E-mail is the medium, not the message, and informality in spelling, capitalization and punctuation in e-mailed answers is akin to pronunciation in spoken answers. All this, for me, hinges on the verb "said." Whether you must disclose "said in an e-mail interview" is an issue for your publication's masters (Do you say "said in a telephone interview"?), but once you frame your quote in terms of "said" rather than "wrote," you become a literate transcriber rather than a photocopier. More controversially, perhaps, I would extend this liberty even to "said in a news release." If Acme announces news about "WILE E. COYOTE" in a release, go ahead and make it "Wile E. Coyote," as long as you're saying "the spokesman said" or "the company said" rather than "the news release said."

That news-release guideline is an exception to my general advice, which is to treat documents as sacred when they are intended to be read by an audience other than the reporter. When you're quoting an e-mail to yourself, you're quoting the writer of the e-mail, you should use the verb "said," and you should follow your publication's style; when you're quoting an e-mail from Enron felon No. 1 to Enron felon No. 2, you're quoting the e-mail, you should use the verb "wrote," and you shouldn't change things.

Saturday, June 18, 2005

LOL

My favorite pull quote from my latest acquisition as a stylebook collector, the style guide of the Guardian:
"Iraq or Iran -- what's our style?"

Freelance subeditor at British national newspaper
(not the Guardian)

Friday, June 17, 2005

Potpourri

Clearing out the notebook . . .

  • Comma before "and" when the word is joining two independent clauses, right? Hell, I've even hit you over the head with that concept. But there's a "but." Observe:

    "From the beginning, the company has acknowledged wrongdoing and we’re going to have to take responsibility for our actions," he said.
    If you're tempted to put a comma before that "and," hold on. The comma belongs there if the speaker is asserting that the company must take responsibility. It doesn't belong there if, as is more likely, he is listing that as one of two things the company has acknowledged. He may indeed agree with the assertion, but in the context of this sentence he's saying "The company has acknowledged a and b," not "The company has acknowledged a, and I would like to add b." Sometimes an independent clause is a tad on the dependent side.

  • Still using the "small-business man" example to illustrate the joy of hyphenation? It's a classic, but it's flawed, because "businessman" is one word -- doubters could point out that "small business man" is different from "small businessman." Try this: A small town judge is different from a small-town judge.

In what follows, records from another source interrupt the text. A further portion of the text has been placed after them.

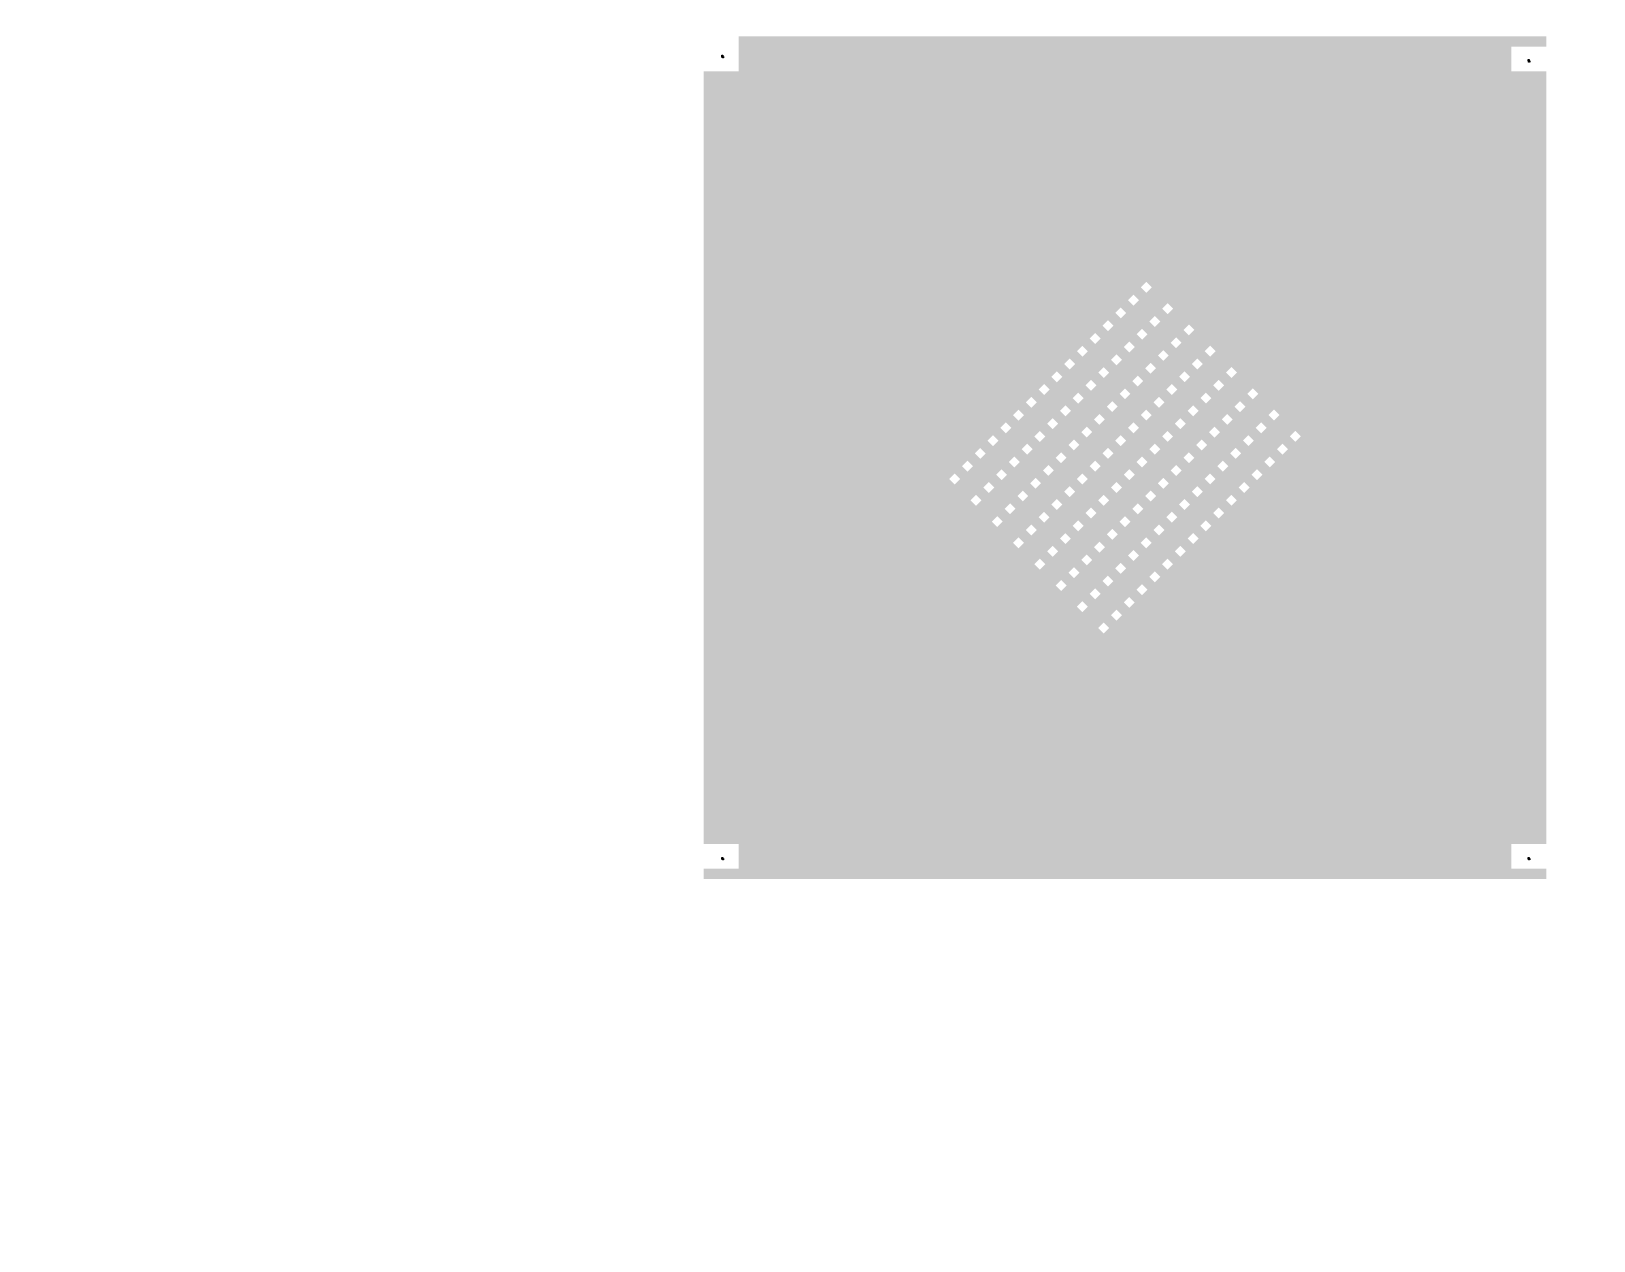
# Model space of a CAD drawing. Header units: inches. Extents: x -55000 to 163233, y -55008 to 54992.
# Drawn here: x -18667 to -500, y -27954 to -13892 of the extents above; entities that cross this region are included whole.
import ezdxf

# ---------------------------------------------------------------- set-up
doc = ezdxf.new("R2010")
doc.units = ezdxf.units.IN
doc.header["$MEASUREMENT"] = 0
doc.linetypes.add('ACAD_ISO07W100', pattern=[3, 0, -3])
doc.layers.get('0').update_dxf_attribs({"color": 20, "linetype": 'ACAD_ISO07W100'})
doc.layers.add('L10D0 Abs', color=4, linetype='Continuous')

# ---------------------------------------------------------------- blocks, each defined once
blk = doc.blocks.new('TUNE')
at = {"layer": 'L10D0 Abs'}
for points in [[(-10, 0), (-10, 12), (-14, 12), (-14, 28), (-10, 28), (-10, 16), (-6, 16), (-6, 28), (-2, 28), (-2, 12), (-6, 12), (-6, 0)], [(4, 0), (4, 6), (2, 6), (2, 14), (4, 14), (4, 8), (6, 8), (6, 14), (8, 14), (8, 6), (6, 6), (6, 0)]]:
    blk.add_lwpolyline(points, close=True, dxfattribs=at)

msp = doc.modelspace()

# ---------------------------------------------------------------- hatches: boundary and pattern name
at = {"layer": 'L10D0 Abs', "transparency": 33554483}
h = msp.add_hatch(color=256, dxfattribs=at)
h.dxf.hatch_style = 1
h.paths.add_polyline_path([(-7717.7675, -18948.99489), (-7781.40711, -19012.6345), (-7845.04672, -18948.99489), (-7781.40711, -18885.35528)], flags=16)
h.paths.add_polyline_path([(-7569.27507, -18800.50246), (-7632.91468, -18864.14207), (-7696.55429, -18800.50246), (-7632.91468, -18736.86285)], flags=16)
h.paths.add_polyline_path([(-7618.77255, -19344.97468), (-7682.41216, -19408.61429), (-7746.05177, -19344.97468), (-7682.41216, -19281.33507)], flags=16)
h.paths.add_polyline_path([(-7470.28012, -19196.48226), (-7533.91973, -19260.12187), (-7597.55934, -19196.48226), (-7533.91973, -19132.84265)], flags=16)
h.paths.add_polyline_path([(-7321.7877, -19047.98984), (-7385.42731, -19111.62945), (-7449.06692, -19047.98984), (-7385.42731, -18984.35023)], flags=16)
h.paths.add_polyline_path([(-7173.29527, -18899.49741), (-7236.93488, -18963.13702), (-7300.57449, -18899.49741), (-7236.93488, -18835.8578)], flags=16)
h.paths.add_polyline_path([(-7371.28517, -19592.46206), (-7434.92478, -19656.10167), (-7498.56439, -19592.46206), (-7434.92478, -19528.82245)], flags=16)
h.paths.add_polyline_path([(-7222.79275, -19443.96963), (-7286.43236, -19507.60924), (-7350.07197, -19443.96963), (-7286.43236, -19380.33002)], flags=16)
h.paths.add_polyline_path([(-7074.30032, -19295.47721), (-7137.93994, -19359.11682), (-7201.57955, -19295.47721), (-7137.93994, -19231.8376)], flags=16)
h.paths.add_polyline_path([(-6777.31548, -18998.49236), (-6840.95509, -19062.13197), (-6904.5947, -18998.49236), (-6840.95509, -18934.85275)], flags=16)
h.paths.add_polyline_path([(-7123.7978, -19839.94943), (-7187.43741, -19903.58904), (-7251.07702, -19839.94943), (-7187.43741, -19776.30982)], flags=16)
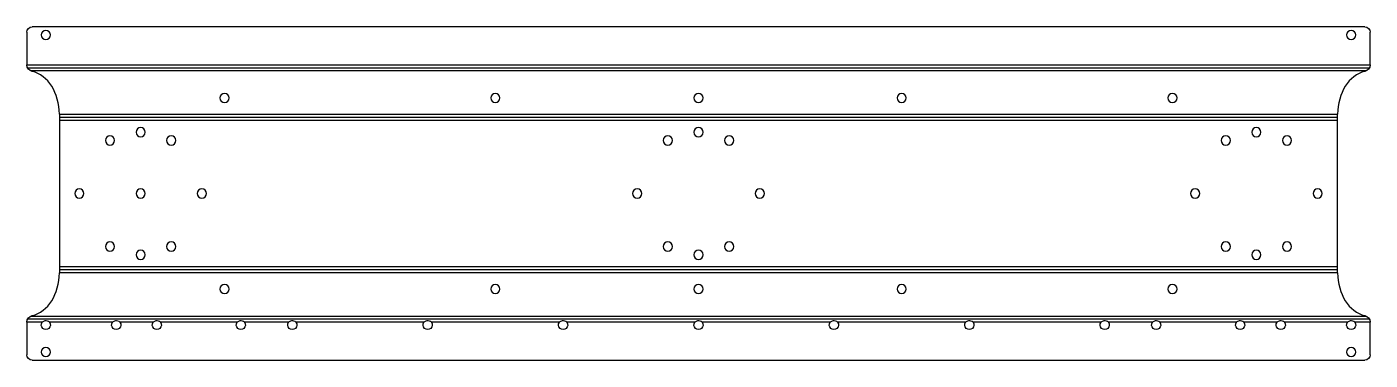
# Model space of a CAD drawing. Header units: millimetres. Extents: x -2 to 494, y 0 to 123.
import ezdxf

# ---------------------------------------------------------------- set-up
doc = ezdxf.new("R2010")
doc.units = ezdxf.units.MM

msp = doc.modelspace()

# ---------------------------------------------------------------- linework, layer by layer
at = {"layer": 'BEND'}
for p, q in [((-1.73, 107.92), (493.73, 107.92)), ((10, 89.65), (482, 89.65)), ((482, 33.39), (10, 33.39)), ((493.73, 15.13), (-1.73, 15.13))]:
    msp.add_line(p, q, dxfattribs=at)
at = {"layer": 'BEND_EXTENT'}
for p, q in [((-2, 109.05), (494, 109.05)), ((492.62, 106.79), (-0.62, 106.79)), ((10, 90.79), (482, 90.79)), ((482, 88.52), (10, 88.52)), ((10, 34.52), (482, 34.52)), ((482, 32.26), (10, 32.26)), ((-0.62, 16.26), (492.62, 16.26)), ((3.63, 14), (-2, 14)), ((29.63, 14), (6.37, 14)), ((44.63, 14), (32.37, 14)), ((75.63, 14), (47.37, 14)), ((94.63, 14), (78.37, 14)), ((144.63, 14), (97.37, 14)), ((194.63, 14), (147.37, 14)), ((244.63, 14), (197.37, 14)), ((294.63, 14), (247.37, 14)), ((344.63, 14), (297.37, 14)), ((394.63, 14), (347.37, 14)), ((413.63, 14), (397.37, 14)), ((444.63, 14), (416.37, 14)), ((459.63, 14), (447.37, 14)), ((485.63, 14), (462.37, 14)), ((494, 14), (488.37, 14))]:
    msp.add_line(p, q, dxfattribs=at)
at = {"layer": 'INTERIOR_PROFILES', "extrusion": (0, 0, -1)}
for centre in [(-5, 120.05), (-487, 120.05), (-71, 96.79), (-171, 96.79), (-246, 96.79), (-321, 96.79), (-421, 96.79), (-40, 84.15), (-246, 84.15), (-452, 84.15), (-28.69, 81.12), (-51.31, 81.12), (-234.69, 81.12), (-257.31, 81.12), (-440.69, 81.12), (-463.31, 81.12), (-17.37, 61.52), (-40, 61.52), (-62.63, 61.52), (-223.37, 61.52), (-268.63, 61.52), (-429.37, 61.52), (-474.63, 61.52), (-28.69, 41.93), (-40, 38.9), (-51.31, 41.93), (-234.69, 41.93), (-246, 38.9), (-257.31, 41.93), (-440.69, 41.93), (-452, 38.9), (-463.31, 41.93), (-71, 26.26), (-171, 26.26), (-246, 26.26), (-321, 26.26), (-421, 26.26), (-5, 3), (-487, 3)]:
    msp.add_circle(centre, 1.7, dxfattribs=at)
for centre in [(-5, 13), (-31, 13), (-46, 13), (-77, 13), (-96, 13), (-146, 13), (-196, 13), (-246, 13), (-296, 13), (-346, 13), (-396, 13), (-415, 13), (-446, 13), (-461, 13), (-487, 13)]:
    msp.add_arc(centre, 1.7, -216.0319, 36.0319, dxfattribs=at)
at = {"layer": 'INTERIOR_PROFILES'}
for points in [[(6.37, 14), (5.99, 14.38), (5.31, 14.59), (4.67, 14.49), (4.25, 14.43), (3.88, 14.25), (3.63, 14)], [(32.37, 14), (31.99, 14.38), (31.31, 14.59), (30.67, 14.49), (30.25, 14.43), (29.88, 14.25), (29.63, 14)], [(47.37, 14), (46.99, 14.38), (46.31, 14.59), (45.67, 14.49), (45.25, 14.43), (44.88, 14.25), (44.63, 14)], [(78.37, 14), (77.99, 14.38), (77.31, 14.59), (76.67, 14.49), (76.25, 14.43), (75.88, 14.25), (75.63, 14)], [(97.37, 14), (96.99, 14.38), (96.31, 14.59), (95.67, 14.49), (95.25, 14.43), (94.88, 14.25), (94.63, 14)], [(147.37, 14), (146.99, 14.38), (146.31, 14.59), (145.67, 14.49), (145.25, 14.43), (144.88, 14.25), (144.63, 14)], [(197.37, 14), (196.99, 14.38), (196.31, 14.59), (195.67, 14.49), (195.25, 14.43), (194.88, 14.25), (194.63, 14)], [(247.37, 14), (246.99, 14.38), (246.31, 14.59), (245.67, 14.49), (245.25, 14.43), (244.88, 14.25), (244.63, 14)], [(297.37, 14), (296.99, 14.38), (296.31, 14.59), (295.67, 14.49), (295.25, 14.43), (294.88, 14.25), (294.63, 14)], [(347.37, 14), (346.99, 14.38), (346.31, 14.59), (345.67, 14.49), (345.25, 14.43), (344.88, 14.25), (344.63, 14)], [(397.37, 14), (396.99, 14.38), (396.31, 14.59), (395.67, 14.49), (395.25, 14.43), (394.88, 14.25), (394.63, 14)], [(416.37, 14), (415.99, 14.38), (415.31, 14.59), (414.67, 14.49), (414.25, 14.43), (413.88, 14.25), (413.63, 14)], [(447.37, 14), (446.99, 14.38), (446.31, 14.59), (445.67, 14.49), (445.25, 14.43), (444.88, 14.25), (444.63, 14)], [(462.37, 14), (461.99, 14.38), (461.31, 14.59), (460.67, 14.49), (460.25, 14.43), (459.88, 14.25), (459.63, 14)], [(488.37, 14), (487.99, 14.38), (487.31, 14.59), (486.67, 14.49), (486.25, 14.43), (485.88, 14.25), (485.63, 14)]]:
    msp.add_open_spline(points, degree=3, knots=[0.315918, 0.315918, 0.315918, 0.315918, 0.5000107, 0.5000107, 0.5000107, 0.6203015, 0.6203015, 0.6203015, 0.6203015], dxfattribs=at)
at = {"layer": 'OUTER_PROFILES'}
for p, q in [((-2, 121.05), (-2, 109.05)), ((492, 123.05), (0, 123.05)), ((494, 109.05), (494, 121.05)), ((10, 90.79), (10, 32.26)), ((482, 32.26), (482, 90.79)), ((-2, 14), (-2, 2)), ((494, 2), (494, 14)), ((0, 0), (492, 0))]:
    msp.add_line(p, q, dxfattribs=at)
at = {"layer": 'OUTER_PROFILES', "extrusion": (0, 0, -1)}
for centre, radius, start, end in [((0, 121.05), 2, 0, 90), ((-492, 121.05), 2, 90, 180), ((-0.54, 109.05), 2.54, 282.6267, 360), ((-491.46, 109.05), 2.54, 180, 257.3733), ((-0.54, 14), 2.54, 0, 77.3733), ((-491.46, 14), 2.54, 102.6267, 180), ((0, 2), 2, 270, 360), ((-492, 2), 2, 180, 270)]:
    msp.add_arc(centre, radius, start, end, dxfattribs=at)
at = {"layer": 'OUTER_PROFILES'}
for centre, major_axis, start_param, end_param in [((-2, 90.79), (0, 16), 4.712389, 6.116728), ((494, 90.79), (0, -16), 3.30805, 4.712389), ((-2, 32.26), (0, -16), 0.166457, 1.570796), ((494, 32.26), (0, 16), 1.570796, 2.975135)]:
    msp.add_ellipse(centre, major_axis=major_axis, ratio=0.75, start_param=start_param, end_param=end_param, dxfattribs=at)

doc.saveas('drawing.dxf')

  • From the "Say what you mean, mean what you say" file:

    According to industry executives and analysts, the management strategy that made Dell a successful computer company could do the same for the fast-food chain.
    The fast-food chain wants to become a successful computer company? No.


    In the players' box was Tony Nadal, the uncle and coach of Rafael Nadal since he started playing as a youngster.
    Tony didn't become Rafael's uncle until Rafael started playing tennis? No.


    Members of the platoon testified that they punched, kicked and struck the detainee with their rifles.
    They punched him with their rifles and kicked them with their rifles? No.


    Unlike the Middle Ages, when books were made of parchment so expensive that they were mainly for the wealthy, papyrus was more accessible to members of all classes.
    Papyrus was unlike the Middle Ages? Well, yes, but . . .

  • Friday, June 10, 2005

    Fun With Partial Quotes

    This Chowhound post tickled my funny bone. (Of course, I still giggle to myself every time I pronounce "Zagat" as "Zagnut," so it goes without saying that your sense of humor may vary.)

    Thursday, June 09, 2005

    A Little Good-Natured Belittling

    In case your self-esteem has gotten a little too high, fellow copy editors, try this. Or maybe this.

    Montopoli is right, of course, that a Mrs. Robinson allusion was a bad idea for the Anne Bancroft headlines. Those of you who became editors for reasons other than "it might lead to a reporting gig down the road," or who have thinnish skins, might prefer the way the point is made at A Capital Idea and Testy Copy Editors.